Phil the Drill said:


> I'm currently replaying this after being part of a group on Facebook where the majority of the members rank this as number 1. I don't get it myself, but it's better than I remember it. I still don't really get the connection with Squall. He's extremely hard to identify with for me. Maybe it's a personality thing, I don't know.
> 
> FFVI will always be my favorite one. I loved the ensemble cast and the storyline.



I adore FFVIII. I'm actually in the middle (or well, last 1/3) of a replay-through as well, and I actually like and enjoy Squall and most of the characters a lot more. Maybe I was a little too young to understand the stoicism, and I think that the game loses something in having these polygons trying to display emotional depth through body language. 

Squall is absurdly stoic, and most of the time (at least in the first 2 and 1/2 discs) the player has to guess at what he's thinking. But well, it's really not that hard to guess, and some of the party members help out now and again by explaining it.


Spoiler: FFVIII Attack on Garden and Space



One of the things that almost ruined him for me in this playthrough (and I imagine, in previous playthroughs as well) was how long it took him to go rescue Rinoa in the attack on Garden. I thought it stretching things a little bit too much, but at the same time, we already know how seriously Squall is taking being a leader of Garden and doing his best for everyone, putting them ahead of himself (and his desire to save Rinoa). 

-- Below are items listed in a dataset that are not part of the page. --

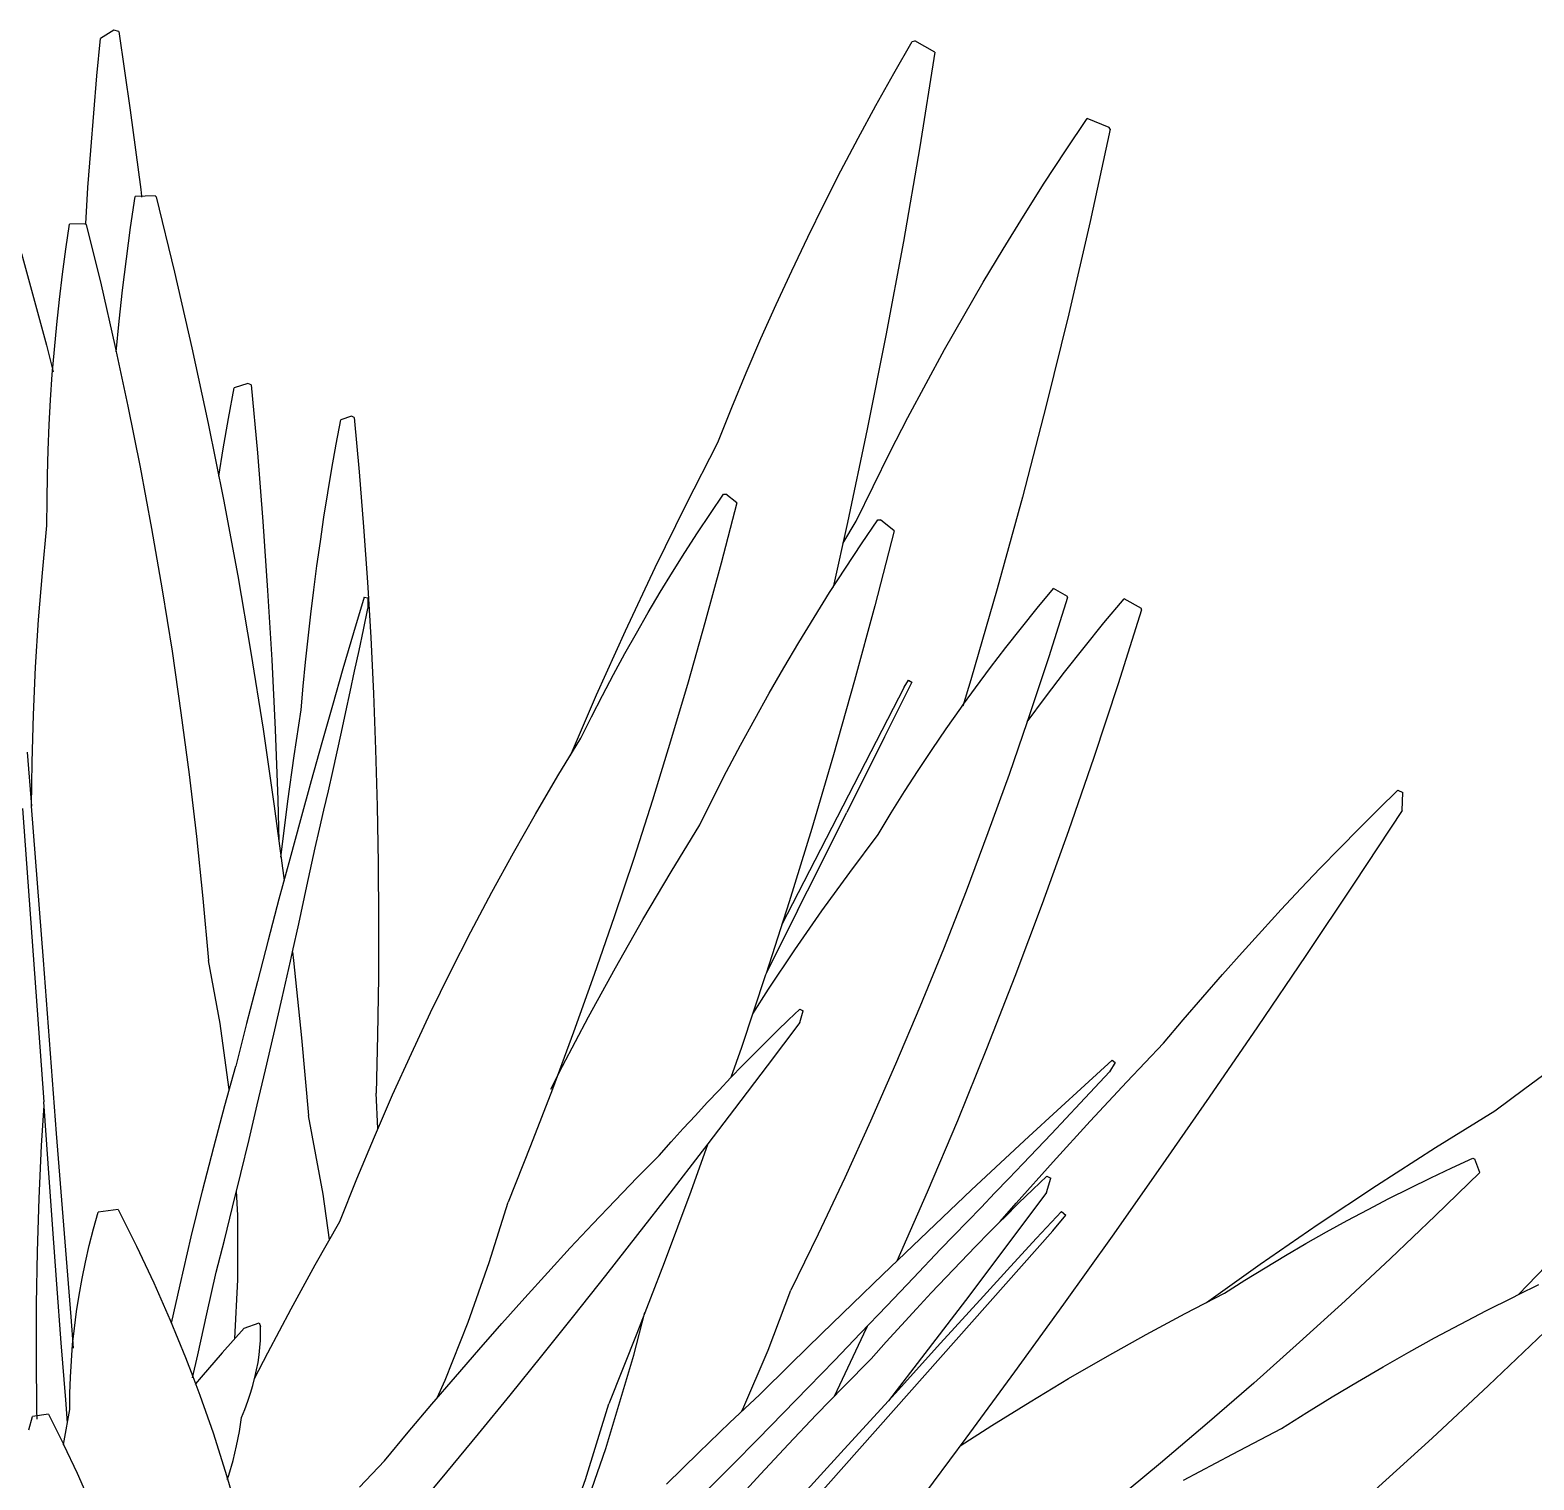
# Model space of a CAD drawing. Header units: metres. Extents: x 244.4 to 340.3, y -4.1 to 64.3.
# Drawn here: x 299.4045 to 299.7977, y 41.0747 to 41.4538 of the extents above; entities that cross this region are included whole.
import ezdxf

# ---------------------------------------------------------------- set-up
doc = ezdxf.new("R2010")
doc.units = ezdxf.units.M
doc.layers.add('Edges', color=7, linetype='Continuous')

msp = doc.modelspace()

# ---------------------------------------------------------------- linework, layer by layer
at = {"layer": 'Edges'}
for p, q in [((299.42643, 41.45377), (299.42293, 41.45154)), ((299.42772, 41.45342), (299.42643, 41.45377)), ((299.42772, 41.45342), (299.43067, 41.43286)), ((299.422, 41.44177), (299.42293, 41.45154)), ((299.63035, 41.44244), (299.63516, 41.45077)), ((299.63516, 41.45077), (299.63589, 41.45093)), ((299.64112, 41.44796), (299.63589, 41.45093)), ((299.64112, 41.44796), (299.63714, 41.42321)), ((299.42115, 41.43203), (299.422, 41.44177)), ((299.62564, 41.43403), (299.63035, 41.44244)), ((299.62103, 41.42555), (299.62564, 41.43403)), ((299.42037, 41.42231), (299.42115, 41.43203)), ((299.43067, 41.43286), (299.43344, 41.41211)), ((299.67522, 41.42224), (299.68088, 41.43068)), ((299.68665, 41.42831), (299.68088, 41.43068)), ((299.68694, 41.42785), (299.68169, 41.40371)), ((299.68694, 41.42785), (299.68665, 41.42831)), ((299.41966, 41.41263), (299.42037, 41.42231)), ((299.61653, 41.41699), (299.62103, 41.42555)), ((299.63714, 41.42321), (299.63287, 41.39854)), ((299.66968, 41.41373), (299.67522, 41.42224)), ((299.61214, 41.40836), (299.61653, 41.41699)), ((299.41907, 41.4031), (299.41966, 41.41263)), ((299.43082, 41.40215), (299.43203, 41.4103)), ((299.43727, 41.41044), (299.43203, 41.4103)), ((299.43344, 41.41211), (299.43365, 41.41034)), ((299.43365, 41.41034), (299.43368, 41.4101)), ((299.43747, 41.4102), (299.43727, 41.41044)), ((299.43747, 41.4102), (299.44227, 41.39051)), ((299.66424, 41.40516), (299.66968, 41.41373)), ((299.60784, 41.39965), (299.61214, 41.40836)), ((299.4139, 41.39646), (299.41487, 41.40299)), ((299.41907, 41.4031), (299.41487, 41.40299)), ((299.41903, 41.40299), (299.41907, 41.4031)), ((299.41903, 41.40291), (299.41903, 41.40299)), ((299.41922, 41.40291), (299.41907, 41.4031)), ((299.41922, 41.40291), (299.42307, 41.38714)), ((299.42971, 41.39399), (299.43082, 41.40215)), ((299.65892, 41.39653), (299.66424, 41.40516)), ((299.68169, 41.40371), (299.67611, 41.37963)), ((299.60366, 41.39087), (299.60784, 41.39965)), ((299.63287, 41.39854), (299.6283, 41.37395)), ((299.40232, 41.39536), (299.40879, 41.37141)), ((299.41301, 41.38992), (299.4139, 41.39646)), ((299.65372, 41.38784), (299.65892, 41.39653)), ((299.42871, 41.38582), (299.42971, 41.39399)), ((299.44227, 41.39051), (299.4468, 41.37074)), ((299.59958, 41.38203), (299.60366, 41.39087)), ((299.41221, 41.38338), (299.41301, 41.38992)), ((299.42307, 41.38714), (299.4267, 41.3713)), ((299.64863, 41.37908), (299.65372, 41.38784)), ((299.4115, 41.37683), (299.41221, 41.38338)), ((299.42782, 41.37764), (299.42871, 41.38582)), ((299.59561, 41.37311), (299.59958, 41.38203)), ((299.64365, 41.37027), (299.64863, 41.37908)), ((299.67611, 41.37963), (299.6702, 41.3556)), ((299.41087, 41.37027), (299.4115, 41.37683)), ((299.42706, 41.36966), (299.42782, 41.37764)), ((299.40879, 41.37141), (299.41057, 41.36445)), ((299.4267, 41.3713), (299.43012, 41.35542)), ((299.4468, 41.37074), (299.45107, 41.35091)), ((299.59174, 41.36413), (299.59561, 41.37311)), ((299.6283, 41.37395), (299.62344, 41.34945)), ((299.41033, 41.3637), (299.41087, 41.37027)), ((299.63879, 41.3614), (299.64365, 41.37027)), ((299.40988, 41.35714), (299.41033, 41.3637)), ((299.58798, 41.35509), (299.59174, 41.36413)), ((299.45644, 41.35227), (299.45792, 41.36024)), ((299.46142, 41.36136), (299.45792, 41.36024)), ((299.46235, 41.361), (299.46142, 41.36136)), ((299.46235, 41.361), (299.46397, 41.34321)), ((299.63406, 41.35248), (299.63879, 41.3614)), ((299.40952, 41.35057), (299.40988, 41.35714)), ((299.43012, 41.35542), (299.43332, 41.33948)), ((299.58434, 41.34599), (299.58798, 41.35509)), ((299.6702, 41.3556), (299.66397, 41.33163)), ((299.45107, 41.35091), (299.45507, 41.33102)), ((299.45504, 41.34431), (299.45644, 41.35227)), ((299.48457, 41.34552), (299.48575, 41.35191)), ((299.48855, 41.35281), (299.48575, 41.35191)), ((299.4893, 41.35252), (299.48855, 41.35281)), ((299.4893, 41.35252), (299.49059, 41.33827)), ((299.62944, 41.3435), (299.63406, 41.35248)), ((299.40924, 41.34399), (299.40952, 41.35057)), ((299.62344, 41.34945), (299.61828, 41.32505)), ((299.40905, 41.33742), (299.40924, 41.34399)), ((299.45384, 41.33713), (299.45504, 41.34431)), ((299.46397, 41.34321), (299.4654, 41.3253)), ((299.48344, 41.33915), (299.48457, 41.34552)), ((299.57604, 41.32973), (299.58434, 41.34599)), ((299.62494, 41.33448), (299.62944, 41.3435)), ((299.43332, 41.33948), (299.43631, 41.3235)), ((299.48238, 41.33278), (299.48344, 41.33915)), ((299.40895, 41.33085), (299.40905, 41.33742)), ((299.49059, 41.33827), (299.49174, 41.32392)), ((299.48137, 41.32642), (299.48238, 41.33278)), ((299.58241, 41.32743), (299.58583, 41.33244)), ((299.58583, 41.33244), (299.58644, 41.33247)), ((299.58931, 41.33015), (299.58644, 41.33247)), ((299.62056, 41.3254), (299.62494, 41.33448)), ((299.66397, 41.33163), (299.65741, 41.30772)), ((299.40894, 41.32428), (299.40895, 41.33085)), ((299.45507, 41.33102), (299.4588, 41.31106)), ((299.56798, 41.3133), (299.57604, 41.32973)), ((299.57905, 41.32235), (299.58241, 41.32743)), ((299.58931, 41.33015), (299.58523, 41.31445)), ((299.40775, 41.31192), (299.40894, 41.32428)), ((299.43631, 41.3235), (299.43908, 41.30747)), ((299.4654, 41.3253), (299.46664, 41.30728)), ((299.48042, 41.32008), (299.48137, 41.32642)), ((299.49174, 41.32392), (299.49274, 41.30948)), ((299.61828, 41.32505), (299.61449, 41.30814)), ((299.61705, 41.31957), (299.62056, 41.3254)), ((299.62189, 41.31944), (299.62616, 41.3257)), ((299.62616, 41.3257), (299.62692, 41.32574)), ((299.6305, 41.32284), (299.62692, 41.32574)), ((299.47953, 41.31374), (299.48042, 41.32008)), ((299.57575, 41.31723), (299.57905, 41.32235)), ((299.6177, 41.31311), (299.62189, 41.31944)), ((299.6305, 41.32284), (299.62541, 41.30324)), ((299.5725, 41.31204), (299.57575, 41.31723)), ((299.40676, 41.29956), (299.40775, 41.31192)), ((299.4787, 41.30742), (299.47953, 41.31374)), ((299.56018, 41.29671), (299.56798, 41.3133)), ((299.5693, 41.3068), (299.5725, 41.31204)), ((299.58523, 41.31445), (299.58099, 41.29883)), ((299.61357, 41.3067), (299.6177, 41.31311)), ((299.4588, 41.31106), (299.46226, 41.29105)), ((299.49274, 41.30948), (299.49359, 41.29496)), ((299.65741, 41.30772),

At the same time, his absolutely ridiculously amazing and hopeless rescue of Rinoa in space completely redeems pretty much everything he's done or not done with Rinoa up to that point. He absolutely says "eff it all" in regards to all his responsibilities and goes after what he wants the most even though even by going after her, they had almost no chance.



I've heard recently that FFVIII is much more popular with girls than guys, but well, if it was designed in the last ten years it would definitely be my favorite.

Anyway, my lists:
1. Final Fantasy Tactics: Not a main series entry, but my favorite Final Fantasy of all-time. The story is amazing, the graphics were clean and beautiful (which was pretty major for PS1, this is the same system that housed FFVII, a game I can't play anymore because of the graphics and lack of analog stick support). The job system was life-consuming. The recent update for PSP is even better than the original and is the sole reason I would like to own a PSP (I borrowed my brother's for a summer). 

2. Final Fantasy X: The story, characters, gameplay mechanics, and graphics were all completely amazing. My only gripe was being forced to do mini-games to get ultimate weapons fully unlocked—some of which I could never even get close to being able to do (LIGHTNING TOWERS I HATE YOU)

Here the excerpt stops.